Let me not be misunderstood. I advert to these considerations, not to disparage our country, or its institutions, or its means of extensive, I had almost said, of universal education. But we should not deceive ourselves with the notion, that, because education is liberally provided for, the highest learning is within the scope of that education. Our schools neither aim at, nor accomplish such objects. There is not a more dangerous error than that, which would

sooth us into indolence, by encouraging the belief, that our literature is all, it can, or ought to be; that all beyond is shadowy and unsubstantial, the vain theories of the scientific, or the reveries of mere scholars. The admonition, which addresses itself to my countrymen respecting their deficiencies, ought to awaken new energy to overcome them. They are accustomed to grapple with difficulties. They should hold nothing, which human genius or human enterprise has yet attained, as beyond their reach. The motto on their literary banner should be, Nec timeo nec sperno. I have no fears for the future. It may not be our lot to see our celebrity in letters rival that of our public polity and free institutions. But the time cannot be far distant. It is scarcely prophecy to declare, that our children must and will enjoy it. They will see, not merely the breathing marble, and the speaking picture among their arts, but science and learning every where paying a voluntary homage to American genius.

There is, indeed, enough in our past history to flatter our pride, and encourage our exertions. We are of the lineage of the Saxons, the countrymen of Bacon, Locke and Newton, as well as of Washington, Franklin and Fulton. We have read the history of our forefathers. They were men full of piety, and zeal, and an unconquerable love of liberty. They also loved human learning, and deemed it second only to divine. Here, on this very spot, in the bosom of the wilderness, within ten short years after their voluntary exile, in the midst of cares, and privations, and sufferings, they found time to rear a little school, and dedicate it to God and the church. It has grown; it has flourished; it is the venerable university, to whose walls her grateful children annually come with more than filial affection. The sons of such ancestors can never dishonor their memories; the pupils of such schools can never be indifferent to the cause of letters.

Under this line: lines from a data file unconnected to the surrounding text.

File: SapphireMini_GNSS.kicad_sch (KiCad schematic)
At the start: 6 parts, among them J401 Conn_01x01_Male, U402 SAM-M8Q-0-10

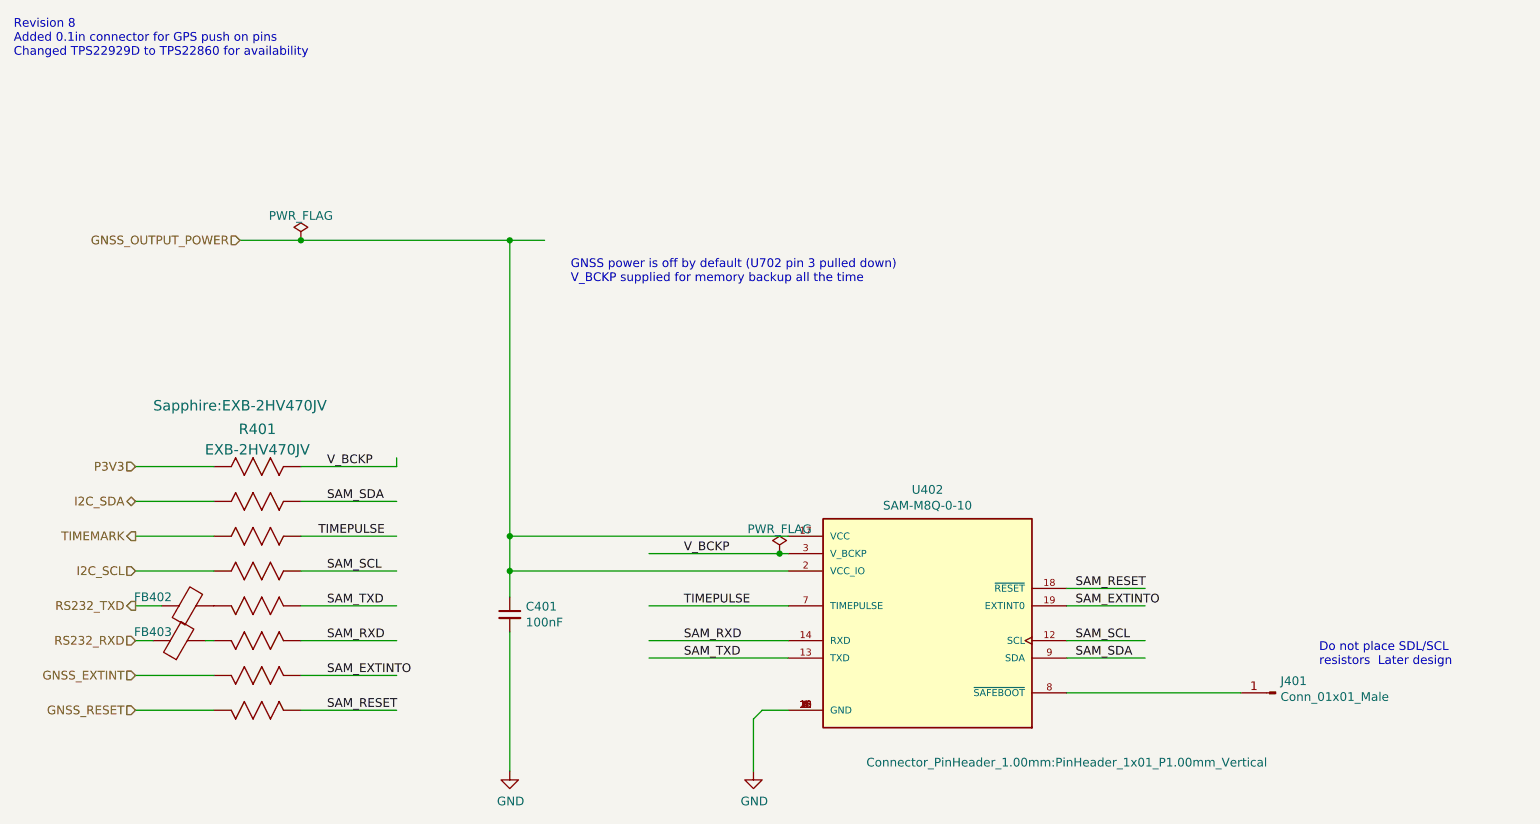
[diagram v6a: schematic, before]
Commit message: Updating for parts avail
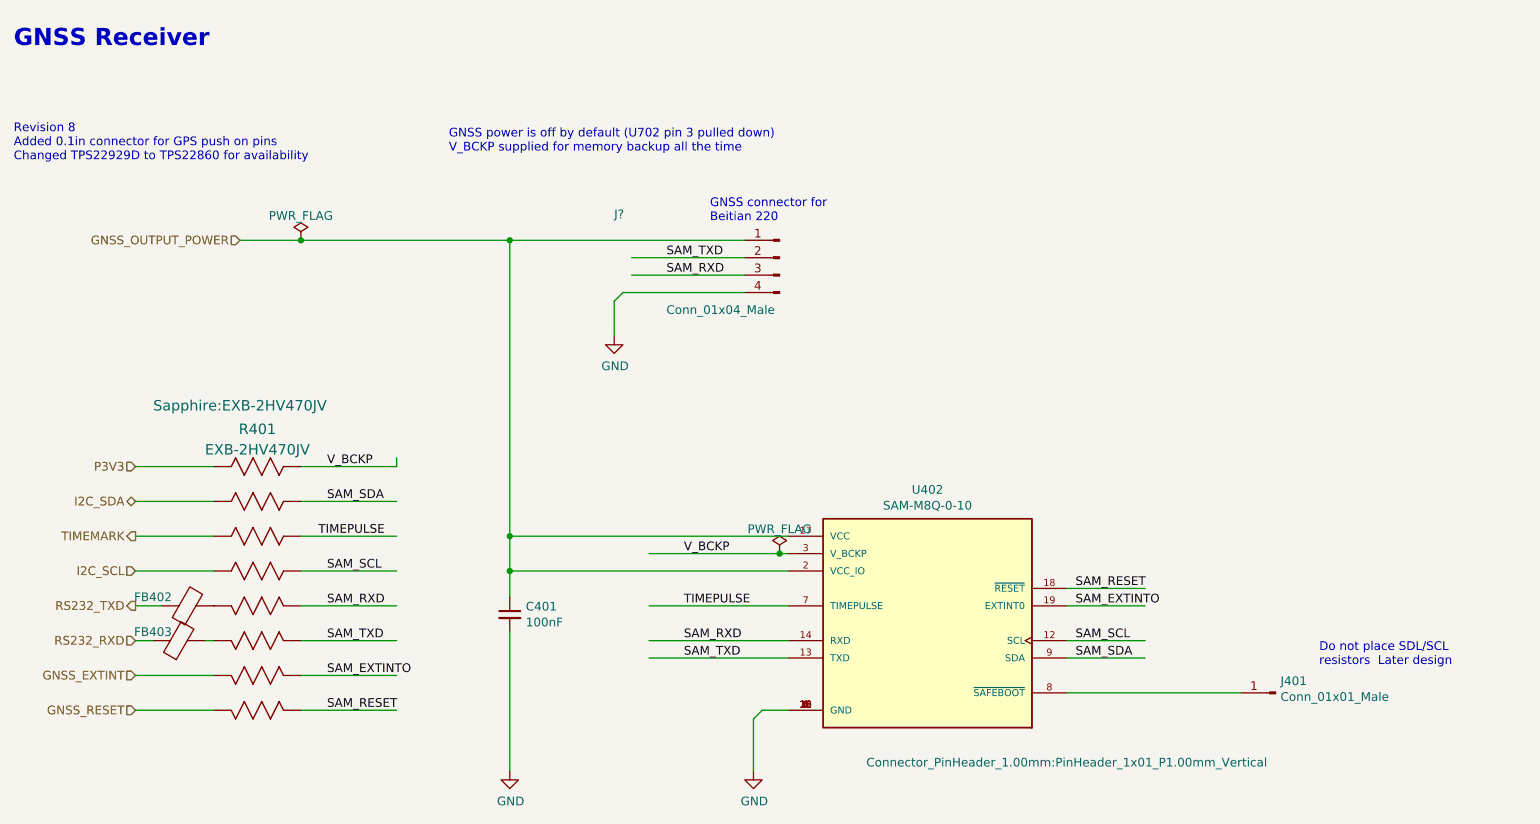
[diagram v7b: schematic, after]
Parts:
- added J?: Conn_01x04_Male, Connector_JST:JST_SH_SM04B-SRSS-TB_1x04-1MP_P1.00mm_Horizontal, symbol Connector:Conn_01x04_Male
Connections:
- net GND: now also J?.4 (Pin_4)
- net GNSS_OUTPUT_POWER: now also J?.1 (Pin_1)
- net SAM_RXD: now also R401.12, J?.3 (Pin_3); no longer R401.11
- net SAM_TXD: now also R401.11, J?.2 (Pin_2); no longer R401.12
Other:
- note added: "GNSS Receiver"
- note added: "GNSS connector for Beitian 220"
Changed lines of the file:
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@@
   (title_block
     (title "Sapphire Mini M2")
-    (date "2022-09-26")
+    (date "2022-10-04")
     (rev "1")
     (company "Southern Methodist Univ")
     (comment 1 "Chris Hayward")
+    (comment 2 "Markup copy w/ errors!")
   )
   (junction (at 64.77 46.99) (diameter 0) (color 0 0 0 0)
@@
     (stroke (width 0) (type default) (color 0 0 0 0))
   )
+  (wire (pts (xy 110.49 55.88) (xy 111.76 54.61))
+    (stroke (width 0) (type default) (color 0 0 0 0))
+  )
+  (wire (pts (xy 129.54 49.53) (xy 113.03 49.53))
+    (stroke (width 0) (type default) (color 0 0 0 0))
+  )
   (wire (pts (xy 64.77 80.01) (xy 78.74 80.01))
     (stroke (width 0) (type default) (color 0 0 0 0))
@@
     (stroke (width 0) (type default) (color 0 0 0 0))
   )
+  (wire (pts (xy 110.49 60.96) (xy 110.49 55.88))
+    (stroke (width 0) (type default) (color 0 0 0 0))
+  )
   (wire (pts (xy 40.64 100.33) (xy 44.45 100.33))
     (stroke (width 0) (type default) (color 0 0 0 0))
@@
     (stroke (width 0) (type default) (color 0 0 0 0))
   )
+  (wire (pts (xy 129.54 52.07) (xy 113.03 52.07))
+    (stroke (width 0) (type default) (color 0 0 0 0))
+  )
   (wire (pts (xy 64.77 90.17) (xy 78.74 90.17))
     (stroke (width 0) (type default) (color 0 0 0 0))
@@
     (stroke (width 0) (type default) (color 0 0 0 0))
   )
-  (wire (pts (xy 100.33 46.99) (xy 95.25 46.99))
+  (wire (pts (xy 95.25 46.99) (xy 129.54 46.99))
     (stroke (width 0) (type default) (color 0 0 0 0))
   )
@@
     (stroke (width 0) (type default) (color 0 0 0 0))
   )
+  (wire (pts (xy 111.76 54.61) (xy 129.54 54.61))
+    (stroke (width 0) (type default) (color 0 0 0 0))
+  )
   (wire (pts (xy 176.53 107.95) (xy 187.96 107.95))
     (stroke (width 0) (type default) (color 0 0 0 0))
   )
   (text "Revision 8\nAdded 0.1in connector for GPS push on pins\nChanged TPS22929D to TPS22860 for availability"
-    (at 22.86 20.32 0)
+    (at 22.86 35.56 0)
     (effects (font (size 1.27 1.27)) (justify left bottom))
   )
   (text "GNSS power is off by default (U702 pin 3 pulled down)\nV_BCKP supplied for memory backup all the time"
-    (at 104.14 53.34 0)
+    (at 86.36 34.29 0)
     (effects (font (size 1.27 1.27)) (justify left bottom))
   )
@@
     (effects (font (size 1.27 1.27)) (justify left bottom))
   )
+  (text "GNSS connector for\nBeitian 220\n" (at 124.46 44.45 0)
+    (effects (font (size 1.27 1.27)) (justify left bottom))
+  )
+  (text "GNSS Receiver" (at 22.86 19.05 0)
+    (effects (font (size 2.5 2.5) (thickness 0.5) bold) (justify left bottom))
+  )
   (label "SAM_RXD" (at 120.65 105.41 0)
     (effects (font (size 1.27 1.27)) (justify left bottom))
   )
+  (label "SAM_TXD" (at 118.11 49.53 0)
+    (effects (font (size 1.27 1.27)) (justify left bottom))
+  )
   (label "V_BCKP" (at 68.58 80.01 0)
     (effects (font (size 1.27 1.27)) (justify left bottom))
   )
+  (label "SAM_RXD" (at 118.11 52.07 0)
+    (effects (font (size 1.27 1.27)) (justify left bottom))
+  )
   (label "SAM_SDA" (at 68.58 85.09 0)
     (effects (font (size 1.27 1.27)) (justify left bottom))
   )
-  (label "SAM_RXD" (at 68.58 105.41 0)
+  (label "SAM_RXD" (at 68.58 100.33 0)
     (effects (font (size 1.27 1.27)) (justify left bottom))
   )
@@
     (effects (font (size 1.27 1.27)) (justify left bottom))
   )
-  (label "SAM_TXD" (at 68.58 100.33 0)
+  (label "SAM_TXD" (at 68.58 105.41 0)
     (effects (font (size 1.27 1.27)) (justify left bottom))
   )
@@
     (pin "2")
   )
+  (symbol (lib_id "Connector:Conn_01x04_Male") (at 134.62 49.53 0) (mirror y) (unit 1)
+    (in_bom yes) (on_board yes)
+    (property "Reference" "J?" (id 0) (at 110.49 43.18 0)
+      (effects (font (size 1.27 1.27)) (justify right))
+    )
+    (property "Value" "Conn_01x04_Male" (id 1) (at 118.11 57.15 0)
+      (effects (font (size 1.27 1.27)) (justify right))
+    )
+    (property "Footprint" "Connector_JST:JST_SH_SM04B-SRSS-TB_1x04-1MP_P1.00mm_Horizontal" (id 2) (at 134.62 49.53 0)
+      (effects (font (size 1.27 1.27)) hide)
+    )
+    (property "Datasheet" "~" (id 3) (at 134.62 49.53 0)
+      (effects (font (size 1.27 1.27)) hide)
+    )
+    (property "DPN" "455-1804-1-ND" (id 4) (at 134.62 49.53 0)
+      (effects (font (size 1.27 1.27)) hide)
+    )
+    (property "MPN" "SM04B-SRSS-TB(LF)(SN)" (id 5) (at 134.62 49.53 0)
+      (effects (font (size 1.27 1.27)) hide)
+    )
+    (property "Manufacturer" "JST" (id 6) (at 134.62 49.53 0)
+      (effects (font (size 1.27 1.27)) hide)
+    )
+    (property "Populate" "1" (id 7) (at 134.62 49.53 0)
+      (effects (font (size 1.27 1.27)) hide)
+    )
+    (property "Description" "Connector Header Surface Mount, Right Angle 4 position 0.039\" (1.00mm)" (id 8) (at 134.62 49.53 0)
+      (effects (font (size 1.27 1.27)) hide)
+    )
+    (property "Digi-Key_PN" "455-1804-1-ND" (id 9) (at 134.62 49.53 0)
+      (effects (font (size 1.27 1.27)) hide)
+    )
+    (property "OnHand" "221" (id 10) (at 134.62 49.53 0)
+      (effects (font (size 1.27 1.27)) hide)
+    )
+    (property "Status" "" (id 11) (at 134.62 49.53 0)
+      (effects (font (size 1.27 1.27)) hide)
+    )
+    (property "Distributor" "Digikey" (id 12) (at 134.62 49.53 0)
+      (effects (font (size 1.27 1.27)) hide)
+    )
+    (pin "1")
+    (pin "2")
+    (pin "3")
+    (pin "4")
+  )
   (symbol (lib_id "power:GND") (at 95.25 124.46 0) (unit 1)
     (in_bom yes) (on_board yes)
@@
       (effects (font (size 1.27 1.27)) hide)
     )
+    (pin "1")
+  )
+  (symbol (lib_id "power:GND") (at 110.49 60.96 0) (unit 1)
+    (in_bom yes) (on_board yes)
+    (property "Reference" "#PWR?" (id 0) (at 110.49 67.31 0)
+      (effects (font (size 1.27 1.27)) hide)
+    )
+    (property "Value" "GND" (id 1) (at 110.617 65.3542 0))
+    (property "Footprint" "" (id 2) (at 110.49 60.96 0)
+      (effects (font (size 1.27 1.27)) hide)
+    )
+    (property "Datasheet" "" (id 3) (at 110.49 60.96 0)
+      (effects (font (size 1.27 1.27)) hide)
+    )

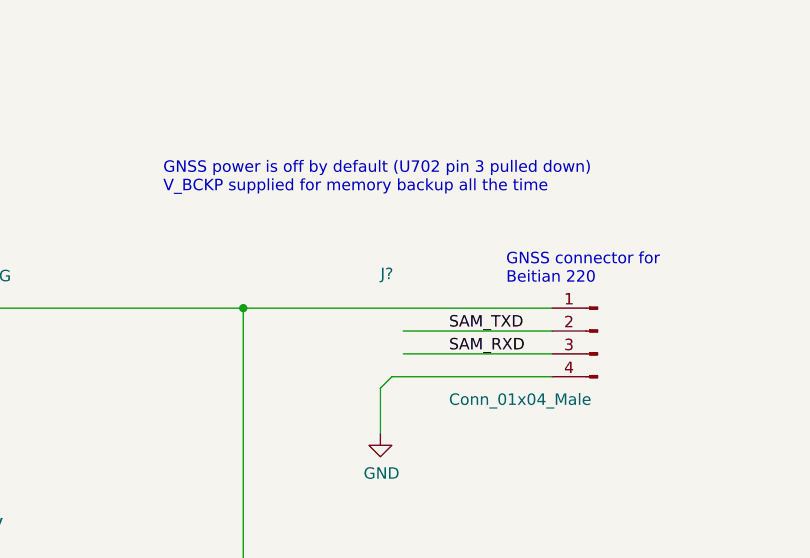
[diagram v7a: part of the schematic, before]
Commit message: Skematic updated for power and 1PSI sensor
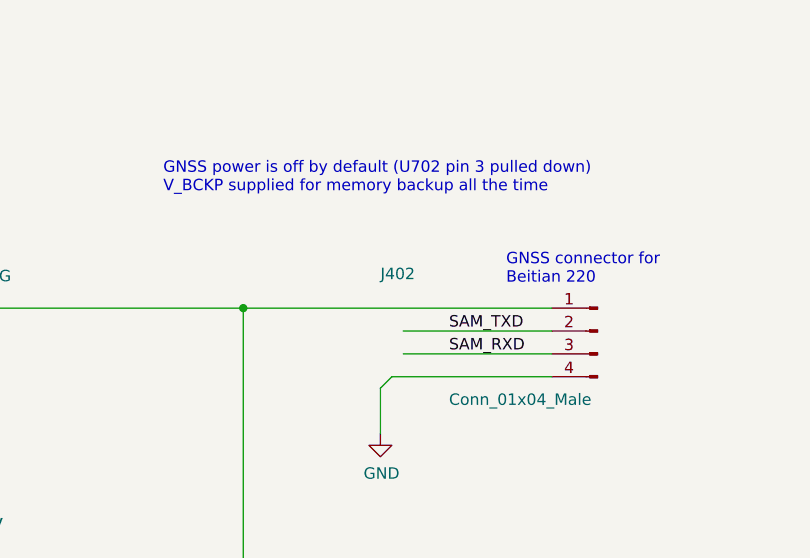
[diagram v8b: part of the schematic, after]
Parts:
- gave numbers to parts that had none: 1
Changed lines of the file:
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@@
   (symbol (lib_id "Connector:Conn_01x04_Male") (at 134.62 49.53 0) (mirror y) (unit 1)
     (in_bom yes) (on_board yes)
-    (property "Reference" "J?" (id 0) (at 110.49 43.18 0)
+    (property "Reference" "J402" (id 0) (at 110.49 43.18 0)
       (effects (font (size 1.27 1.27)) (justify right))
     )
@@
   (symbol (lib_id "power:GND") (at 110.49 60.96 0) (unit 1)
     (in_bom yes) (on_board yes)
-    (property "Reference" "#PWR?" (id 0) (at 110.49 67.31 0)
+    (property "Reference" "#PWR0101" (id 0) (at 110.49 67.31 0)
       (effects (font (size 1.27 1.27)) hide)
     )

There is yet more in our present circumstances to inspire us with a wholesome consciousness of our

powers, and our destiny. We have just passed the Jubilee of our Independence, and witnessed the prayers and gratitude of millions ascending to Heaven for our public and private blessings. That independence was the achievement, not of faction and ignorance, but of hearts as pure, and minds as enlightened, and judgments as sound, as ever graced the annals of mankind. Among the leaders were statesmen and scholars, as well as heroes and patriots. We have followed many of them to the tomb, blest with the honors of their country. We have been privileged yet more; we have lived to witness an almost miraculous event in the departure of two great authors of our independence on that memorable and blessed day of Jubilee.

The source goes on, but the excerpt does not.